Monday, October 4, 2010

Sweet as a Peach

Each year it seems that I am becoming more of the domestic diva I always said I would never be! Guess that's why you should never say NEVER! ;)
A few weekends ago, I decided to learn how to can peaches with my sister & mom (our teacher.) Now in our family we tend do do things BIG. And by big, I mean 120 lbs. of peaches. 

This picture doesn't accurately portray just how many peaches 120 lbs. worth really is. Trust me, it's a LOT!
 These are my Mom's books, which we used as reference. We used directions from the Ball Blue Book to can and the recipe included with Certo to make the jam.

My cute Mom got my sister and these cute baskets. You can use it to can 3 quarts in a regular stock pot. We found the basket worked nicely when blanching the peaches as well.

 As seen here!

Here is a pix of canning the pictures. Somehow I didn't get a picture of us peeling and cutting the peaches (this is where all the work is). Look at the warm color of the peaches. Yummmmm.

Final results: 39 Quarts, 19 Pints, 9 Jelly Jars (8 oz), 8 jelly jars (6 oz), 10 gallon bags frozen  (didn't get pictures of these either.)

Picking your peaches & recipes for canning, jam and freezing ...
Picking your peaches
Peaches generally come in two varieties, come in two general types: freestone (flesh readily separates from the pit) and clingstone (flesh clings tightly to the pit). Most people prefer to preserve freestone varieties. Good varieties for canning include Veteran, Early Elberta, Elberta, Rochester, Hale, Alamar, Redglobe, Redhaven, and Sun Crest.

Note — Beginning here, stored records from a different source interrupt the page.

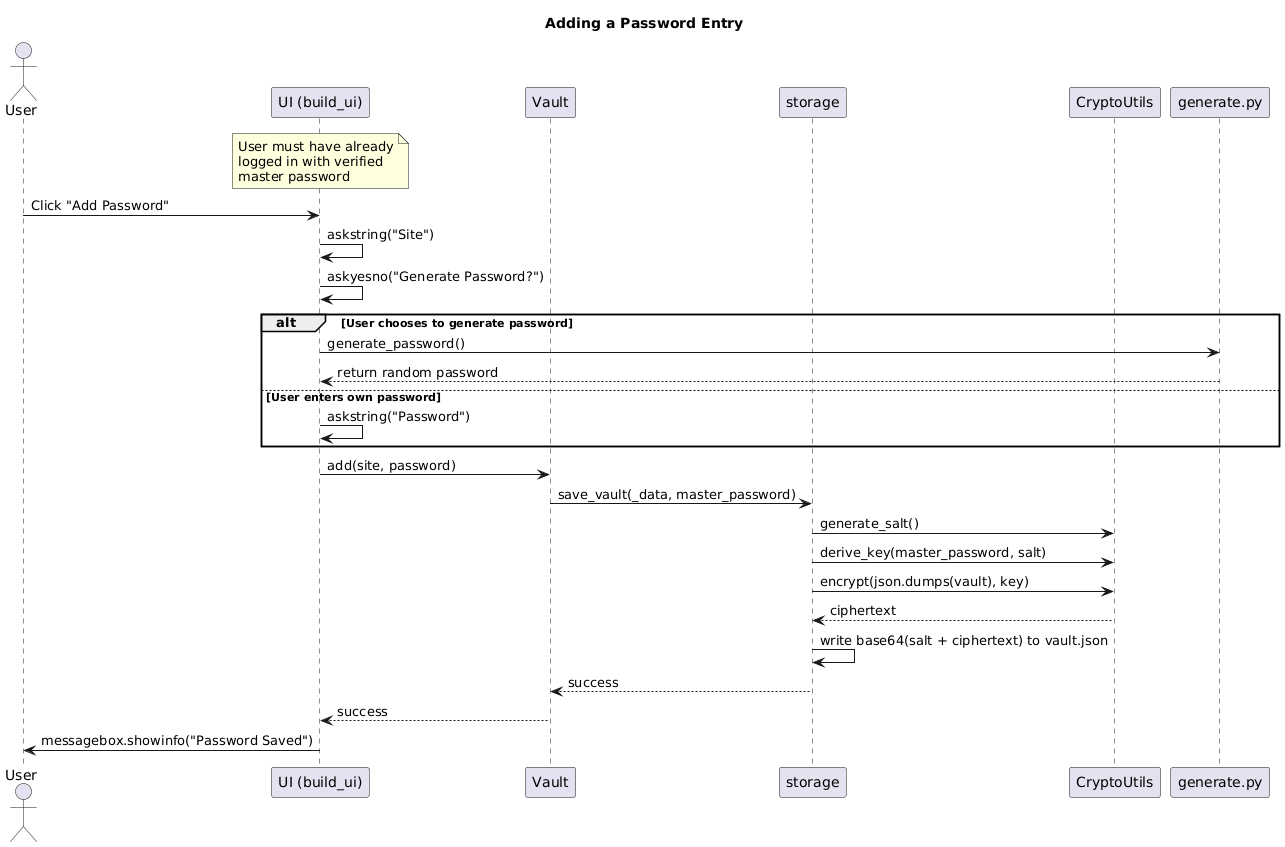

The diagram above was rendered by PlantUML. Its source (embedded in the PNG):
@startuml
title Adding a Password Entry

actor User
participant "UI (build_ui)" as UI
participant "Vault" as Vault
participant "storage" as Storage
participant "CryptoUtils" as Crypto
participant "generate.py" as Gen

note over UI
User must have already
logged in with verified
master password
end note

User -> UI: Click "Add Password"
UI -> UI: askstring("Site")
UI -> UI: askyesno("Generate Password?")

alt User chooses to generate password
    UI -> Gen: generate_password()
    Gen --> UI: return random password
else User enters own password
    UI -> UI: askstring("Password")
end

UI -> Vault: add(site, password)
Vault -> Storage: save_vault(_data, master_password)
Storage -> Crypto: generate_salt()
Storage -> Crypto: derive_key(master_password, salt)
Storage -> Crypto: encrypt(json.dumps(vault), key)
Crypto --> Storage: ciphertext
Storage -> Storage: write base64(salt + ciphertext) to vault.json
Storage --> Vault: success
Vault --> UI: success

UI -> User: messagebox.showinfo("Password Saved")
@enduml
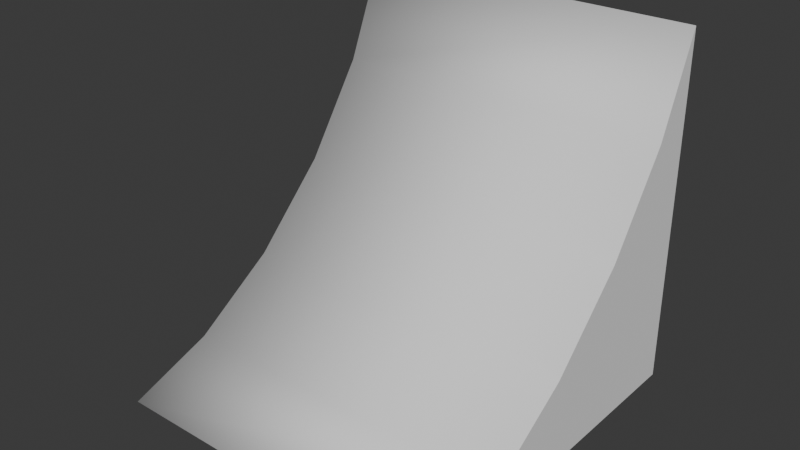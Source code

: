 # Source: PrototypeShape_QuarterPipe.blend  (saved by Blender 4.4.32; exported with 4.5.12 LTS)
import bpy
from mathutils import Matrix  # noqa: F401  (used for matrix-valued properties, if any)

bpy.ops.wm.read_factory_settings(use_empty=True)
scene = bpy.context.scene
scene.name = 'Scene'

# ---- collections
col_collection = bpy.data.collections.new('Collection'); scene.collection.children.link(col_collection)

# ---- world
world_world = bpy.data.worlds.new('World'); scene.world = world_world
world_world.use_nodes = True; world_world.node_tree.nodes.clear()
_N = world_world.node_tree.nodes; _L = world_world.node_tree.links
n0 = _N.new('ShaderNodeOutputWorld'); n0.name = 'World Output'; n0.location = (300, 300)
n1 = _N.new('ShaderNodeBackground'); n1.name = 'Background'; n1.location = (10, 300)
n1.inputs[0].default_value = (0.05088, 0.05088, 0.05088, 1.0)
_L.new(n1.outputs[0], n0.inputs[0])
n0.is_active_output = True
world_world.color = (0.05088, 0.05088, 0.05088)
world_world.sun_shadow_jitter_overblur = 0.0

# ---- meshes
me_cube = bpy.data.meshes.new('Cube')
me_cube.from_pydata([(-2.0, 2.0, 0.0), (0.0, 2.0, 0.0), (-2.0, 0.0, 0.0), (0.0, 2.0, 2.0), (-2.0, 2.0, 2.0), (-2.0, 0.488, 0.1759), (-2.0, 0.9772, 0.501), (-2.0, 1.42, 0.9435), (-2.0, 1.772, 1.46), (0.0, 0.0, 0.0), (0.0, 1.772, 1.46), (0.0, 1.42, 0.9435), (0.0, 0.9772, 0.501), (0.0, 0.488, 0.1759)], [], [(0, 4, 3, 1), (0, 1, 9, 2), (0, 2, 5, 6, 7, 8, 4), (3, 10, 11, 12, 13, 9, 1), (3, 4, 8, 10), (10, 8, 7, 11), (11, 7, 6, 12), (12, 6, 5, 13), (13, 5, 2, 9)])
me_cube.polygons.foreach_set('use_smooth', [0, 0, 0, 0, 1, 1, 1, 1, 1])
_uv = me_cube.uv_layers.new(name='UV1')
_uv.uv.foreach_set('vector', [0.3328, 0.9985, 0.001521, 0.9985, 0.001521, 0.6672, 0.3328, 0.6672, 0.6672, 0.6672, 0.6672, 0.9985, 0.3359, 0.9985, 0.3359, 0.6672, 0.3328, 0.001521, 0.3328, 0.3328, 0.3037, 0.252, 0.2498, 0.171, 0.1765, 0.09766, 0.09098, 0.03928, 0.001521, 0.001521, 0.001521, 0.6641, 0.09098, 0.6264, 0.1765, 0.568, 0.2498, 0.4947, 0.3037, 0.4137, 0.3328, 0.3328, 0.3328, 0.6641, 0.3359, 0.001521, 0.6672, 0.001521, 0.6672, 0.08173, 0.3359, 0.08173, 0.3359, 0.08173, 0.6672, 0.08173, 0.6672, 0.1772, 0.3359, 0.1772, 0.3359, 0.1772, 0.6672, 0.1772, 0.6672, 0.2785, 0.3359, 0.2785, 0.3359, 0.2785, 0.6672, 0.2785, 0.6672, 0.3758, 0.3359, 0.3758, 0.3359, 0.3758, 0.6672, 0.3758, 0.6672, 0.4595, 0.3359, 0.4595])
_uv.active_render = True
_uv = me_cube.uv_layers.new(name='UV2')
_uv.uv.foreach_set('vector', [0.3233, 0.01, 0.01, 0.01, 0.01, 0.3233, 0.3233, 0.3233, 0.3233, 0.3433, 0.01, 0.3433, 0.01, 0.6567, 0.3233, 0.6567, 0.3433, 0.1667, 0.6567, 0.01, 0.6078, 0.06201, 0.5821, 0.1258, 0.5821, 0.1951, 0.6078, 0.2632, 0.6567, 0.3233, 0.6567, 0.3433, 0.6078, 0.4035, 0.5821, 0.4716, 0.5821, 0.5409, 0.6078, 0.6047, 0.6567, 0.6567, 0.3433, 0.5, 0.3233, 0.6767, 0.01, 0.6767, 0.01, 0.99, 0.3233, 0.99, 0.99, 0.01, 0.6767, 0.01, 0.6767, 0.3233, 0.99, 0.3233, 0.99, 0.3433, 0.6767, 0.3433, 0.6767, 0.6567, 0.99, 0.6567, 0.6567, 0.6767, 0.3433, 0.6767, 0.3433, 0.99, 0.6567, 0.99, 0.99, 0.6767, 0.6767, 0.6767, 0.6767, 0.99, 0.99, 0.99])
me_cube.update()

# ---- objects
ob_prototypeshape_quarterpipe = bpy.data.objects.new('PrototypeShape_QuarterPipe', me_cube)

# ---- transforms, parenting, visibility, modifiers, constraints
ob_prototypeshape_quarterpipe.location = (0.0, 0.0, 0.0)

# ---- collection membership
col_collection.objects.link(ob_prototypeshape_quarterpipe)

# ---- scene / render settings (as saved in the file)
scene.frame_start = 1; scene.frame_end = 250; scene.frame_set(1)
scene.render.engine = 'BLENDER_EEVEE_NEXT'
bpy.context.view_layer.update()

# ---- added for rendering (the .blend has no active camera and no usable light): camera, sun
cam_auto = bpy.data.cameras.new('AutoCamera')
cam_auto.lens = 50.0
cam_auto.sensor_width = 36.0
cam_auto.clip_end = 1000.0
ob_auto_camera = bpy.data.objects.new('AutoCamera', cam_auto)
scene.collection.objects.link(ob_auto_camera)
ob_auto_camera.location = (2.20507, -2.84609, 3.56406)
ob_auto_camera.rotation_euler = (1.09748, -7.21219e-08, 0.694738)
scene.camera = ob_auto_camera
light_auto_sun = bpy.data.lights.new('AutoSun', 'SUN')
light_auto_sun.energy = 3.0
light_auto_sun.angle = 0.0523599
ob_auto_sun = bpy.data.objects.new('AutoSun', light_auto_sun)
scene.collection.objects.link(ob_auto_sun)
ob_auto_sun.rotation_euler = (0.872665, 0.174533, 0.523599)
bpy.context.view_layer.update()

Select peaches that are fairly firm. The skin color between the red areas should be yellow or creamy. Avoid hard peaches which have a distinct green color. These are immature and probably
will not ripen satisfactorily. They will be hard to peel and the pits will cling even when ripe. Also
avoid overripe peaches and those with large bruises or signs of decay.

It takes about 2‐3 pounds of peaches to fill a quart jar. A bushel weighs about 48 pounds and yields about 18‐24 quarts of fruit. A lug yields 8‐12 quarts of fruit.

Peaches may be canned, frozen, dried, pickled and made into jams and preserves.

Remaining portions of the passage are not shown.